------ INPUT ------

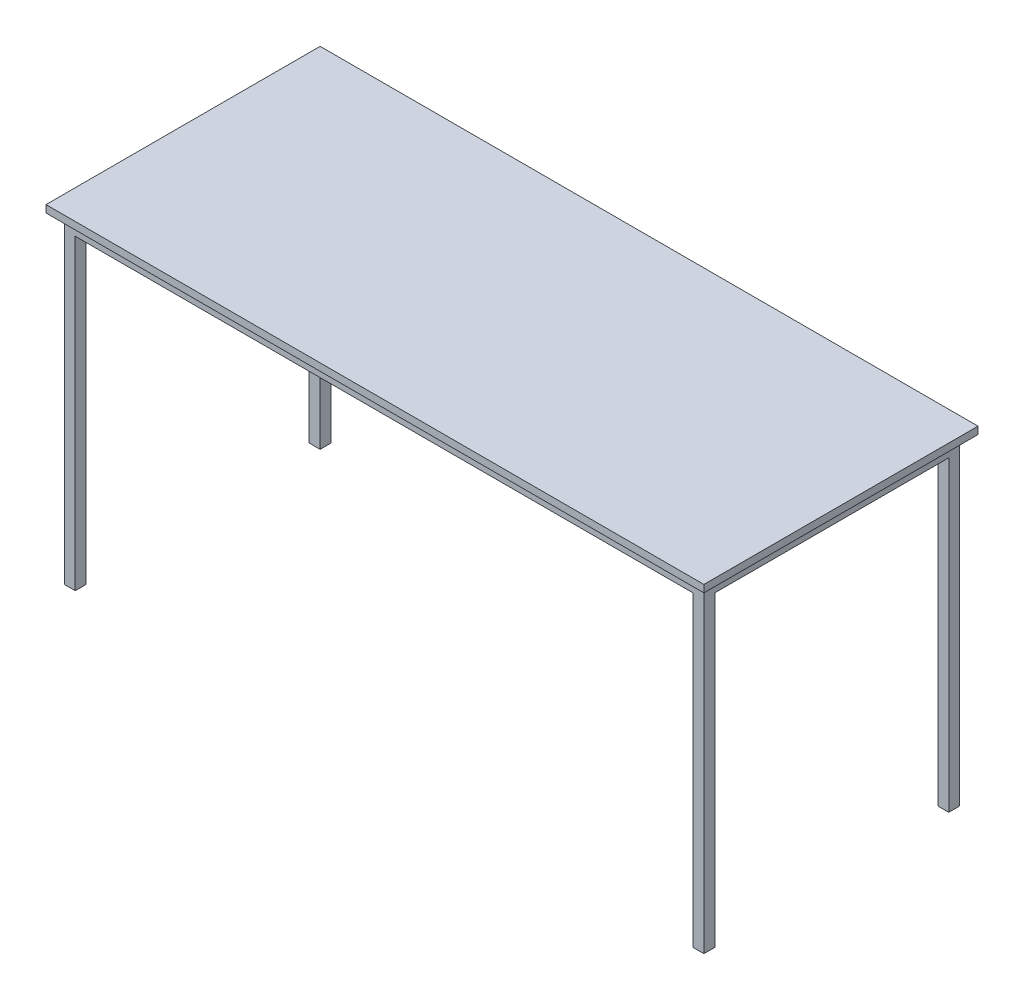
SolidWorks part; units mm, degrees
ref_plane "Front Plane" through (0, 0, 0) normal (0, 0, 1) x (1, 0, 0)
ref_plane "Top Plane" through (0, 0, 0) normal (0, 1, 0) x (1, 0, 0)
ref_plane "Right Plane" through (0, 0, 0) normal (1, 0, 0) x (0, 0, -1)
sketch "Sketch1" plane through (0, 0, 0) normal (0, 1, 0) x (1, 0, 0)
  line L1 (0, 0) -> (1750, 0)
  line L2 (0, 0) -> (0, 700)
  line L3 (0, 700) -> (1750, 700)
  line L4 (1750, 0) -> (1750, 700)
extrude "Extrude-Thin1" add sketch "Sketch1" against normal blind 40 thin thin type one direction reverse wall 30
sketch "Sketch2" plane through (0, 0, 0) normal (0, 1, 0) x (1, 0, 0)
  line L1 (0, 700) -> (30, 700)
  line L2 (0, 700) -> (0, 670)
  line L3 (0, 670) -> (30, 670)
  line L4 (30, 700) -> (30, 670)
  line L5 (0, 0) -> (30, 0)
  line L6 (0, 0) -> (0, 30)
  line L7 (0, 30) -> (30, 30)
  line L8 (30, 0) -> (30, 30)
  line L9 (1750, 0) -> (1720, 0)
  line L10 (1750, 0) -> (1750, 30)
  line L11 (1750, 30) -> (1720, 30)
  line L12 (1720, 0) -> (1720, 30)
  line L13 (1750, 700) -> (1720, 700)
  line L14 (1750, 700) -> (1750, 670)
  line L15 (1750, 670) -> (1720, 670)
  line L16 (1720, 700) -> (1720, 670)
extrude "Boss-Extrude1" add sketch "Sketch2" against normal blind 880
sketch "Sketch3" plane through (0, 0, 0) normal (0, 1, 0) x (1, 0, 0)
  line L5 (-25, 725) -> (1775, 725)
  line L6 (-25, 725) -> (-25, -25)
  line L7 (-25, -25) -> (1775, -25)
  line L8 (1775, 725) -> (1775, -25)
extrude "Boss-Extrude2" add sketch "Sketch3" along normal blind 20 separate body

------

All that belongs in your answer is the stretch of entries above from the line with "reverse wall 30" through the line with "line L15 (1750, 670) -> (1720, 670)", printed exactly.

▶ _SOLVED EXERCISE_:
extrude "Extrude-Thin1" add sketch "Sketch1" against normal blind 40 thin thin type one direction reverse wall 30
sketch "Sketch2" plane through (0, 0, 0) normal (0, 1, 0) x (1, 0, 0)
  line L1 (0, 700) -> (30, 700)
  line L2 (0, 700) -> (0, 670)
  line L3 (0, 670) -> (30, 670)
  line L4 (30, 700) -> (30, 670)
  line L5 (0, 0) -> (30, 0)
  line L6 (0, 0) -> (0, 30)
  line L7 (0, 30) -> (30, 30)
  line L8 (30, 0) -> (30, 30)
  line L9 (1750, 0) -> (1720, 0)
  line L10 (1750, 0) -> (1750, 30)
  line L11 (1750, 30) -> (1720, 30)
  line L12 (1720, 0) -> (1720, 30)
  line L13 (1750, 700) -> (1720, 700)
  line L14 (1750, 700) -> (1750, 670)
  line L15 (1750, 670) -> (1720, 670)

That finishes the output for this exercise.